Ondanks de versterking van Greenes brigade was de Noordelijke linie tegen 19.00u in volle terugtocht. Om zijn infanterie te beschermen, stuurde Banks twee cavalerie-eskadrons naar de Zuidelijke linie om de vijand bezig te houden. Ze kwamen echter in een moordend vuur terecht van Zuidelijke infanterie en artillerie.[15] De Zuidelijke infanterie en brigadegeneraal William E. Jones7th Virginia Cavalry zetten de achtervolging in. Banks en Pope werden bijna gevangengenomen.[17] Na een achtervolging van 2 km werd de achtervolging afgebroken. De duisternis viel in en Jackson was niet zeker van de locatie van de rest van het Noordelijke leger. Na ondervraging van Noordelijke gevangenen bleek dat Sigel op weg was om Pope te versterken. Daarop werd de achtervolging afgebroken en rond 22.00u waren de gevechten over.[18]

Gevolgen

De volgende twee dagen bleef Jackson bij Cedar Run op de westelijke helling van de berg. Een nieuwe Noordelijke aanval bleef uit. Na het horen van het nieuws dat Popes leger bij Culpeper Court House was gearriveerd, op 12 augustus, trok Jackson zich terug naar Gordonsville.[19]

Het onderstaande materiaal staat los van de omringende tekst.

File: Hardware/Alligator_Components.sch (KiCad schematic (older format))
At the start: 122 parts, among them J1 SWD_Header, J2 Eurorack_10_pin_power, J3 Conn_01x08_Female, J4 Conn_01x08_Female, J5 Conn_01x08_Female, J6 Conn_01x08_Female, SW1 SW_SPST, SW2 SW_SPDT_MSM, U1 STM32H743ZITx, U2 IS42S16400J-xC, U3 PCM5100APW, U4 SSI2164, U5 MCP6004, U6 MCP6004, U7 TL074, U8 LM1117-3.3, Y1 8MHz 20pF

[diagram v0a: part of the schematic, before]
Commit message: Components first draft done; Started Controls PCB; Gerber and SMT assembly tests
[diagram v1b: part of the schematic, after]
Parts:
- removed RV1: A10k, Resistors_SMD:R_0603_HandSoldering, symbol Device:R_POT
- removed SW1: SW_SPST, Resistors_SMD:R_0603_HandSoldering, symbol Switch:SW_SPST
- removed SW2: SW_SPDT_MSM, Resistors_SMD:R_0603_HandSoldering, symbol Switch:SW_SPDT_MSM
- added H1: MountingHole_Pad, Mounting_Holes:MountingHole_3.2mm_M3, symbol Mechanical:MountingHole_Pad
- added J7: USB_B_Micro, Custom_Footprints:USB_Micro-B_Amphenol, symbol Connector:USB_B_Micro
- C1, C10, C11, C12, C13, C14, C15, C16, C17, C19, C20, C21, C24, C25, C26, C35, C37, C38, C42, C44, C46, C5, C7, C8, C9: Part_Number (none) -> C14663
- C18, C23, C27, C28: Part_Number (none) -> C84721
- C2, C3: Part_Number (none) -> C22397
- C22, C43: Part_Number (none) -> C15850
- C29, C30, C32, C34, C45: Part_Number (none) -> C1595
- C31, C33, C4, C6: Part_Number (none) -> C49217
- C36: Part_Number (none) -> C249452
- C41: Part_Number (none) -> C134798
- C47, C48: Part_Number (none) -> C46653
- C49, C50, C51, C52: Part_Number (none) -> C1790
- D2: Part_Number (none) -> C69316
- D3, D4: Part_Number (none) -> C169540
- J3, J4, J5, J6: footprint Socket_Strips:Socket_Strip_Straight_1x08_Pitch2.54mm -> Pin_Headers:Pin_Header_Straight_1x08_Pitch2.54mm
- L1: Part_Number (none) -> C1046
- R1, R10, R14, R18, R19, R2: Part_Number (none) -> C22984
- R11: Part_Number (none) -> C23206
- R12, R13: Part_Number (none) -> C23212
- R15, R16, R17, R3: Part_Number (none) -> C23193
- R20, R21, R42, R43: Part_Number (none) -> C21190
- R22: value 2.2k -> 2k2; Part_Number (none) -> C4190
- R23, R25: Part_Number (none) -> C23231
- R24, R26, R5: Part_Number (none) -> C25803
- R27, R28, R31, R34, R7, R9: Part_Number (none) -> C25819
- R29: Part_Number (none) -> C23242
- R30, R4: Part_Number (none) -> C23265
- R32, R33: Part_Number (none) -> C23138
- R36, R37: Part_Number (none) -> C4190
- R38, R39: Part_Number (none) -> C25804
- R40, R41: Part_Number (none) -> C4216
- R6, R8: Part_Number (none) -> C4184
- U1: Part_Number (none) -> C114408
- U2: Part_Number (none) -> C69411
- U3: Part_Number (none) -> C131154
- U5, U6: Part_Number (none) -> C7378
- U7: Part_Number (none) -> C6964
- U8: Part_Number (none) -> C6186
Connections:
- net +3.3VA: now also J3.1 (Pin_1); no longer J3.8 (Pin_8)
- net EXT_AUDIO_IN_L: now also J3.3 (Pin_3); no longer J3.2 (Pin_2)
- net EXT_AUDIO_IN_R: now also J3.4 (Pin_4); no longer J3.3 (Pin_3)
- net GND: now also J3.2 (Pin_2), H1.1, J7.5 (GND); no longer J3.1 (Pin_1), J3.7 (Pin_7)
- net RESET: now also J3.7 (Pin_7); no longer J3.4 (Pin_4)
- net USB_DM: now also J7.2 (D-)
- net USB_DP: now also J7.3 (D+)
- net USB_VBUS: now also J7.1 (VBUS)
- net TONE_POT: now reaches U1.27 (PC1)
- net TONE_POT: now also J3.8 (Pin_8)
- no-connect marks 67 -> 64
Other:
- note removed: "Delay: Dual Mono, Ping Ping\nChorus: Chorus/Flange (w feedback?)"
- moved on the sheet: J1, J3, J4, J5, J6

Slecht weer en nog slechter communicatie beroofden Jackson van het initiatief. Hij verwachtte nog dezelfde voorzichtige vijand zoals in de Shenandoahvallei. Daarom hadden de agressievere Noordelijken Jackson verrast en bijna verslagen. Door goed generaalschap op het goede moment en de aankomst van Hill slaagden de Zuidelijken erin om het tij te keren. Banks, die verslagen was in de Shenandoahvallei, wilde revanche nemen. In plaats van een defensieve strijd te voeren tot de rest van Pope’s leger was gearriveerd, viel hij te vroeg aan. Deze dappere zet betaalde zich bijna uit maar uiteindelijk werd hij toch weer verslagen door zijn oude vijand.[20]

Generaal Henry W. Halleck riep een halt toe aan de opmars van Pope naar Gordonsville. Hierdoor kreeg Robert E. Lee het initiatief opnieuw in handen. De strijd verplaatste zich van het schiereiland naar het noordelijk deel van Virginia.[17]